Apologies if this is a stupid question. I want to look at attention in Llama2. A MWE is below:
from transformers import AutoModelForCausalLM, AutoTokenizer
model_name = "meta-llama/Llama-2-7b-chat-hf"
model = AutoModelForCausalLM.from_pretrained(model_name, device_map="auto")
tokenizer = AutoTokenizer.from_pretrained(model_name, use_fast=True)
model_inputs = tokenizer.encode("Cats chase dogs", return_tensors="pt").to("cuda:0")

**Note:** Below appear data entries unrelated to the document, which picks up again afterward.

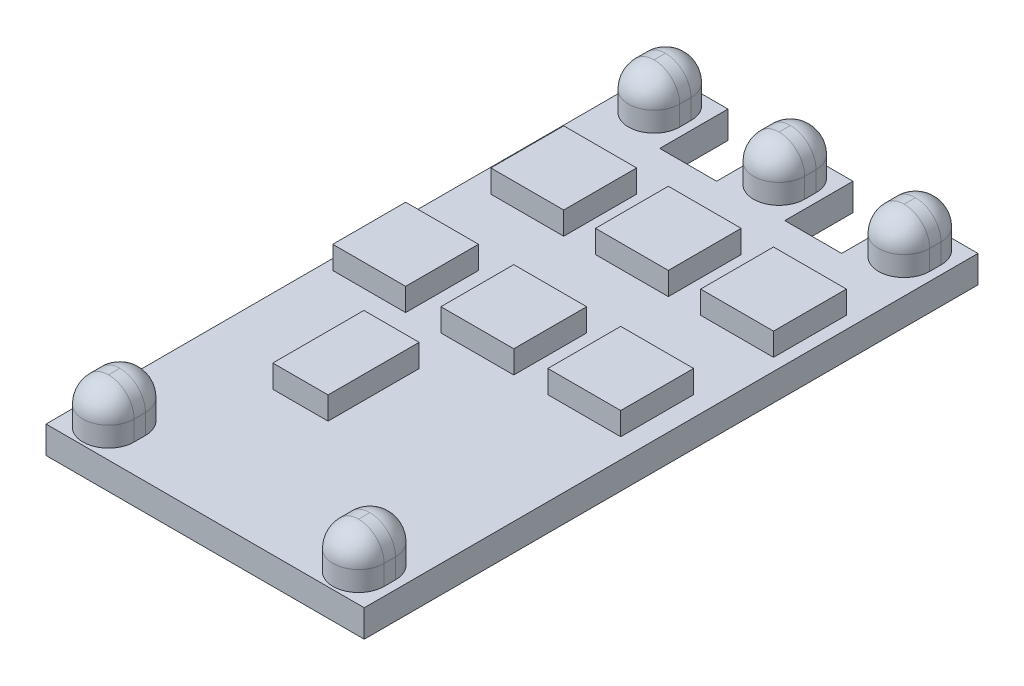
SolidWorks part; units mm, degrees
ref_plane "Front Plane" through (0, 0, 0) normal (0, 0, 1) x (1, 0, 0)
ref_plane "Top Plane" through (0, 0, 0) normal (0, 1, 0) x (1, 0, 0)
ref_plane "Right Plane" through (0, 0, 0) normal (1, 0, 0) x (0, 0, -1)
sketch "Sketch1" plane through (0, 0, 0) normal (0, 1, 0) x (1, 0, 0)
  line L0 (0, 21.6721) -> (0, -24.4888) construction
  line L1 (-7, 12) -> (7, 12)
  line L2 (-7, 12) -> (-7, -12)
  line L3 (-7, -12) -> (7, -12)
  line L4 (7, 12) -> (7, -12)
  line L5 (-7, 12) -> (7, -12) construction
  line L6 (-7, -12) -> (7, 12) construction
  line L8 (-1.5, 15) -> (1.5, 15)
  line L9 (-1.5, 15) -> (-1.5, 12)
  line L10 (-1.5, 12) -> (1.5, 12)
  line L11 (1.5, 15) -> (1.5, 12)
  line L12 (-1.5, 15) -> (1.5, 12) construction
  line L13 (-1.5, 12) -> (1.5, 15) construction
  line L14 (-7, 12) -> (-4, 12)
  line L15 (-7, 12) -> (-7, 15)
  line L16 (-7, 15) -> (-4, 15)
  line L17 (-4, 12) -> (-4, 15)
  line L18 (7, 12) -> (4, 12)
  line L19 (7, 12) -> (7, 15)
  line L20 (7, 15) -> (4, 15)
  line L21 (4, 12) -> (4, 15)
  point P0 (0, 0)
  point P7 (0, 13.5)
  dimension "D1" = 24
  dimension "D2" = 14
  dimension "D3" = 3
  dimension "D4" = 3
extrude "PCB" add sketch "Sketch1" along normal blind 1.2 contours L4 L1 L2 L3 | L1 L17 L16 L15 | L11 L8 L9 L1 | L21 L1 L19 L20 region at (-5.5, 0, -13.5) region at (0, 0, 0) region at (0, 0, -13.5) region at (5.5, 0, -13.5)
sketch "Sketch5" plane through (0, 1.2, 0) normal (0, 1, 0) x (1, 0, 0)
  line L0 (-7, 12) -> (7, 12) construction
  line L1 (-7, 15) -> (-7, -12) construction
  line L2 (7, 15) -> (7, -12) construction
  line L3 (-4, 12) -> (-1.5, 12) construction
  line L4 (-5.5, 15) -> (-5.5, 12) construction
  line L5 (-7, 15) -> (-4, 15) construction
  line L6 (-7, 13.5) -> (7, 13.5) construction
  line L7 (0, 15) -> (0, 12) construction
  line L8 (-1.5, 15) -> (1.5, 15) construction
  line L9 (5.5, 15) -> (5.5, 12) construction
  line L10 (7, 15) -> (4, 15) construction
  line L11 (-5.5, 13.25) -> (-5.5, 13.75) construction
  line L12 (-6.625, 13.25) -> (-6.625, 13.75)
  line L13 (-4.375, 13.25) -> (-4.375, 13.75)
  line L14 (0, 13.75) -> (0, 13.25) construction
  line L15 (1.125, 13.75) -> (1.125, 13.25)
  line L16 (-1.125, 13.75) -> (-1.125, 13.25)
  line L17 (5.5, 13.75) -> (5.5, 13.25) construction
  line L18 (6.625, 13.75) -> (6.625, 13.25)
  line L19 (4.375, 13.75) -> (4.375, 13.25)
  line L20 (-4, 12) -> (-4, 15) construction
  line L21 (-7, -12) -> (7, -12)
  line L22 (-7, -12) -> (-7, -9)
  line L23 (-7, -9) -> (7, -9)
  line L24 (7, -12) -> (7, -9)
  line L25 (-7, -9) -> (-4, -9)
  line L26 (-7, -9) -> (-7, -12)
  line L27 (-7, -12) -> (-4, -12)
  line L28 (-4, -9) -> (-4, -12)
  line L29 (-5.5, -9) -> (-5.5, -12) construction
  line L30 (-5.5, -10.25) -> (-5.5, -10.75) construction
  line L31 (-4.375, -10.25) -> (-4.375, -10.75)
  line L32 (-6.625, -10.25) -> (-6.625, -10.75)
  line L33 (0, -9) -> (0, -12) construction
  line L34 (5.5, -10.25) -> (5.5, -10.75) construction
  line L35 (4.375, -10.25) -> (4.375, -10.75)
  line L36 (6.625, -10.25) -> (6.625, -10.75)
  arc A0 (-6.625, 13.25) -> (-4.375, 13.25) centre (-5.5, 13.25) ccw
  arc A1 (-4.375, 13.75) -> (-6.625, 13.75) centre (-5.5, 13.75) ccw
  arc A2 (1.125, 13.75) -> (-1.125, 13.75) centre (0, 13.75) ccw
  arc A3 (-1.125, 13.25) -> (1.125, 13.25) centre (0, 13.25) ccw
  arc A4 (6.625, 13.75) -> (4.375, 13.75) centre (5.5, 13.75) ccw
  arc A5 (4.375, 13.25) -> (6.625, 13.25) centre (5.5, 13.25) ccw
  arc A6 (-4.375, -10.25) -> (-6.625, -10.25) centre (-5.5, -10.25) ccw
  arc A7 (-6.625, -10.75) -> (-4.375, -10.75) centre (-5.5, -10.75) ccw
  arc A8 (4.375, -10.25) -> (6.625, -10.25) centre (5.5, -10.25) cw
  arc A9 (6.625, -10.75) -> (4.375, -10.75) centre (5.5, -10.75) cw
  point P14 (-5.5, 13.5)
  point P25 (-5.5, 13.5)
  point P32 (0, 13.5)
  point P39 (5.5, 13.5)
  point P57 (-5.5, -10.5)
  point P66 (5.5, -10.5)
  dimension "D1" = 2.25
  dimension "D2" = 0.5
  dimension "D3" = 3
extrude "Solder joints" add sketch "Sketch5" along normal blind 2 contours L13 A1 L12 A0 | L16 A3 L15 A2 | L19 A5 L18 A4 | L32 A7 L31 A6 | A9 L36 A8 L35 region at (-5.5, 1.2, -13.5) region at (0, 1.2, -13.5) region at (5.5, 1.2, -13.5) region at (-5.5, 1.2, 10.5) region at (5.5, 1.2, 10.5)
fillet "Solder fillets" radius 1.125 20 edges at (-5.5, 3.2, 9.125) (-4.375, 3.2, 10.5) (-5.5, 3.2, 11.875) (-6.625, 3.2, 10.5) (4.375, 3.2, 10.5) (5.5, 3.2, 9.125) (6.625, 3.2, 10.5) (5.5, 3.2, 11.875) (5.5, 3.2, -14.875) (6.625, 3.2, -13.5) (5.5, 3.2, -12.125) (4.375, 3.2, -13.5) (0, 3.2, -14.875) (1.125, 3.2, -13.5) (0, 3.2, -12.125) (-1.125, 3.2, -13.5) (-5.5, 3.2, -12.125) (-6.625, 3.2, -13.5) (-5.5, 3.2, -14.875) (-4.375, 3.2, -13.5)
sketch "Sketch2" plane through (0, 1.2, 0) normal (0, 1, 0) x (1, 0, 0)
  line L1 (-5.9719, 9.747) -> (-2.7662, 9.747)
  line L2 (-5.9719, 9.747) -> (-5.9719, 6.5413)
  line L3 (-5.9719, 6.5413) -> (-2.7662, 6.5413)
  line L4 (-2.7662, 9.747) -> (-2.7662, 6.5413)
  line L5 (-1.3702, 9.747) -> (1.8355, 9.747)
  line L6 (-1.3702, 9.747) -> (-1.3702, 6.5413)
  line L7 (-1.3702, 6.5413) -> (1.8355, 6.5413)
  line L8 (1.8355, 9.747) -> (1.8355, 6.5413)
  line L9 (3.2574, 9.747) -> (6.4631, 9.747)
  line L10 (3.2574, 9.747) -> (3.2574, 6.5413)
  line L11 (3.2574, 6.5413) -> (6.4631, 6.5413)
  line L12 (6.4631, 9.747) -> (6.4631, 6.5413)
  line L13 (-3.335, 3.3614) -> (-6.5407, 3.3614)
  line L14 (-3.335, 3.3614) -> (-3.335, 0.1557)
  line L15 (-3.335, 0.1557) -> (-6.5407, 0.1557)
  line L16 (-6.5407, 3.3614) -> (-6.5407, 0.1557)
  line L17 (-1.7838, 3.3614) -> (1.4219, 3.3614)
  line L18 (-1.7838, 3.3614) -> (-1.7838, 0.1557)
  line L19 (-1.7838, 0.1557) -> (1.4219, 0.1557)
  line L20 (1.4219, 3.3614) -> (1.4219, 0.1557)
  line L21 (2.9213, 3.3614) -> (6.1271, 3.3614)
  line L22 (2.9213, 3.3614) -> (2.9213, 0.1557)
  line L23 (2.9213, 0.1557) -> (6.1271, 0.1557)
  line L24 (6.1271, 3.3614) -> (6.1271, 0.1557)
  line L25 (-3.335, -1.6799) -> (-0.9048, -1.6799)
  line L26 (-3.335, -1.6799) -> (-3.335, -5.687)
  line L27 (-3.335, -5.687) -> (-0.9048, -5.687)
  line L28 (-0.9048, -1.6799) -> (-0.9048, -5.687)
extrude "Top components" add sketch "Sketch2" along normal blind 1
sketch "Sketch3" plane through (0, 0, 0) normal (0, -1, 0) x (1, 0, 0)
  line L1 (-2.7921, 0) -> (1.2409, 0)
  line L2 (-2.7921, 0) -> (-2.7921, 4.0583)
  line L3 (-2.7921, 4.0583) -> (1.2409, 4.0583)
  line L4 (1.2409, 0) -> (1.2409, 4.0583)
  line L5 (-5.8944, -3.9818) -> (-2.7921, -3.9818)
  line L6 (-5.8944, -3.9818) -> (-5.8944, -6.9032)
  line L7 (-5.8944, -6.9032) -> (-2.7921, -6.9032)
  line L8 (-2.7921, -3.9818) -> (-2.7921, -6.9032)
  line L9 (-1.3185, -3.9818) -> (1.4995, -3.9818)
  line L10 (-1.3185, -3.9818) -> (-1.3185, -6.9032)
  line L11 (-1.3185, -6.9032) -> (1.4995, -6.9032)
  line L12 (1.4995, -3.9818) -> (1.4995, -6.9032)
  line L13 (3.0765, -3.9818) -> (5.9461, -3.9818)
  line L14 (3.0765, -3.9818) -> (3.0765, -6.9032)
  line L15 (3.0765, -6.9032) -> (5.9461, -6.9032)
  line L16 (5.9461, -3.9818) -> (5.9461, -6.9032)
  line L17 (3.516, 9.4874) -> (5.3515, 9.4874)
  line L18 (3.516, 9.4874) -> (3.516, 6.3592)
  line L19 (3.516, 6.3592) -> (5.3515, 6.3592)
  line L20 (5.3515, 9.4874) -> (5.3515, 6.3592)
extrude "Bottom components" add sketch "Sketch3" along normal blind 1
ref_plane "Motor wires plane" through (0, 0, -13.5) normal (0, 0, -1) x (-1, 0, 0)
ref_plane "Control wires plane" through (0, 0, 10.5) normal (0, 0, 1) x (1, 0, 0)
sketch "Motor wire locations" plane through (0, 0, -13.5) normal (0, 0, -1) x (-1, 0, 0)
  line L0 (7, 1.2) -> (4, 1.2) construction
  line L1 (1.5, 1.2) -> (-1.5, 1.2) construction
  line L2 (-7, 1.2) -> (-4, 1.2) construction
  line L3 (7, 1.2) -> (4, 1.2)
  line L4 (1.5, 1.2) -> (-1.5, 1.2)
  line L5 (-7, 1.2) -> (-4, 1.2)
  line L6 (-7, 2.7) -> (-4, 1.2) construction
  line L7 (-7, 1.2) -> (-4, 1.2)
  line L8 (-7, 1.2) -> (-7, 2.7)
  line L9 (-7, 2.7) -> (-4, 2.7)
  line L10 (-4, 1.2) -> (-4, 2.7)
  line L11 (-1.5, 2.7) -> (1.5, 1.2) construction
  line L12 (-1.5, 1.2) -> (1.5, 1.2)
  line L13 (-1.5, 1.2) -> (-1.5, 2.7)
  line L14 (-1.5, 2.7) -> (1.5, 2.7)
  line L15 (1.5, 1.2) -> (1.5, 2.7)
  line L16 (4, 1.2) -> (7, 1.2)
  line L17 (4, 1.2) -> (4, 2.7)
  line L18 (4, 2.7) -> (7, 2.7)
  line L19 (7, 1.2) -> (7, 2.7)
  line L20 (4, 2.7) -> (7, 1.2) construction
  point P9 (-5.5, 1.95)
  point P14 (0, 1.95)
  point P15 (5.5, 1.95)
  dimension "D1" = 1.5
sketch "Control wire locations" plane through (0, 0, 10.5) normal (0, 0, 1) x (1, 0, 0)
  line L0 (-4, 1.2) -> (-4, 2.7) construction
  line L1 (-7, 1.2) -> (-4, 1.2)
  line L2 (-7, 1.2) -> (-7, 2.7)
  line L3 (-7, 2.7) -> (-4, 2.7)
  line L4 (-4, 1.2) -> (-4, 2.7)
  line L5 (-4, 2.7) -> (-7, 2.7) construction
  line L6 (-7, 1.2) -> (-4, 2.7) construction
  line L7 (0, 4.0612) -> (0, -2.6256) construction
  line L8 (-7, 1.2) -> (-7, 2.7) construction
  line L9 (-7, 1.2) -> (-4, 1.2) construction
  line L10 (7, 1.2) -> (4, 2.7) construction
  line L11 (4, 1.2) -> (4, 2.7)
  line L12 (7, 1.2) -> (4, 1.2)
  line L13 (7, 1.2) -> (7, 2.7)
  line L14 (7, 2.7) -> (4, 2.7)
  point P4 (5.5, 1.95)
  point P9 (-5.5, 1.95)
  point P11 (0, 0)
  point P16 (-7, 1.3176)
other "A" parameters "Diameter"=1.5, "StubLength"=3
ref_axis "Axis1" through (5.5, 1.95, -23.5) along (0, 0, 1)
other "B" parameters "Diameter"=1.5, "StubLength"=3
ref_axis "Axis2" through (0, 1.95, -23.5) along (0, 0, 1)
other "C" parameters "Diameter"=1.5, "StubLength"=3
ref_axis "Axis3" through (-5.5, 1.95, -23.5) along (0, 0, 1)
other "NEG" parameters "Diameter"=1.5, "StubLength"=3
ref_axis "Axis4" through (-5.5, 1.95, 20.5) along (0, 0, -1)
other "POS" parameters "Diameter"=1.5, "StubLength"=3
ref_axis "Axis5" through (5.5, 1.95, 20.5) along (0, 0, -1)

output = model.generate(model_inputs, output_attentions=True, max_new_tokens=5, return_dict_in_generate=True)
print(output.attentions[0][0][0][0]) # prints attention weights of first head in first layer
output is:
tensor([[0.3464, 0.1967, 0.0438, 0.1245, 0.0281, 0.2606],
[0.3714, 0.3745, 0.0209, 0.1465, 0.0157, 0.0710],
[0.1448, 0.4541, 0.0274, 0.2500, 0.0149, 0.1087],
[0.2242, 0.3160, 0.0371, 0.2656, 0.0157, 0.1414],
[0.1242, 0.2456, 0.0464, 0.3104, 0.0118, 0.2615],
[0.1509, 0.1745, 0.0558, 0.2522, 0.0131, 0.3535]], device='cuda:0')
and I would have expected this to be triangular.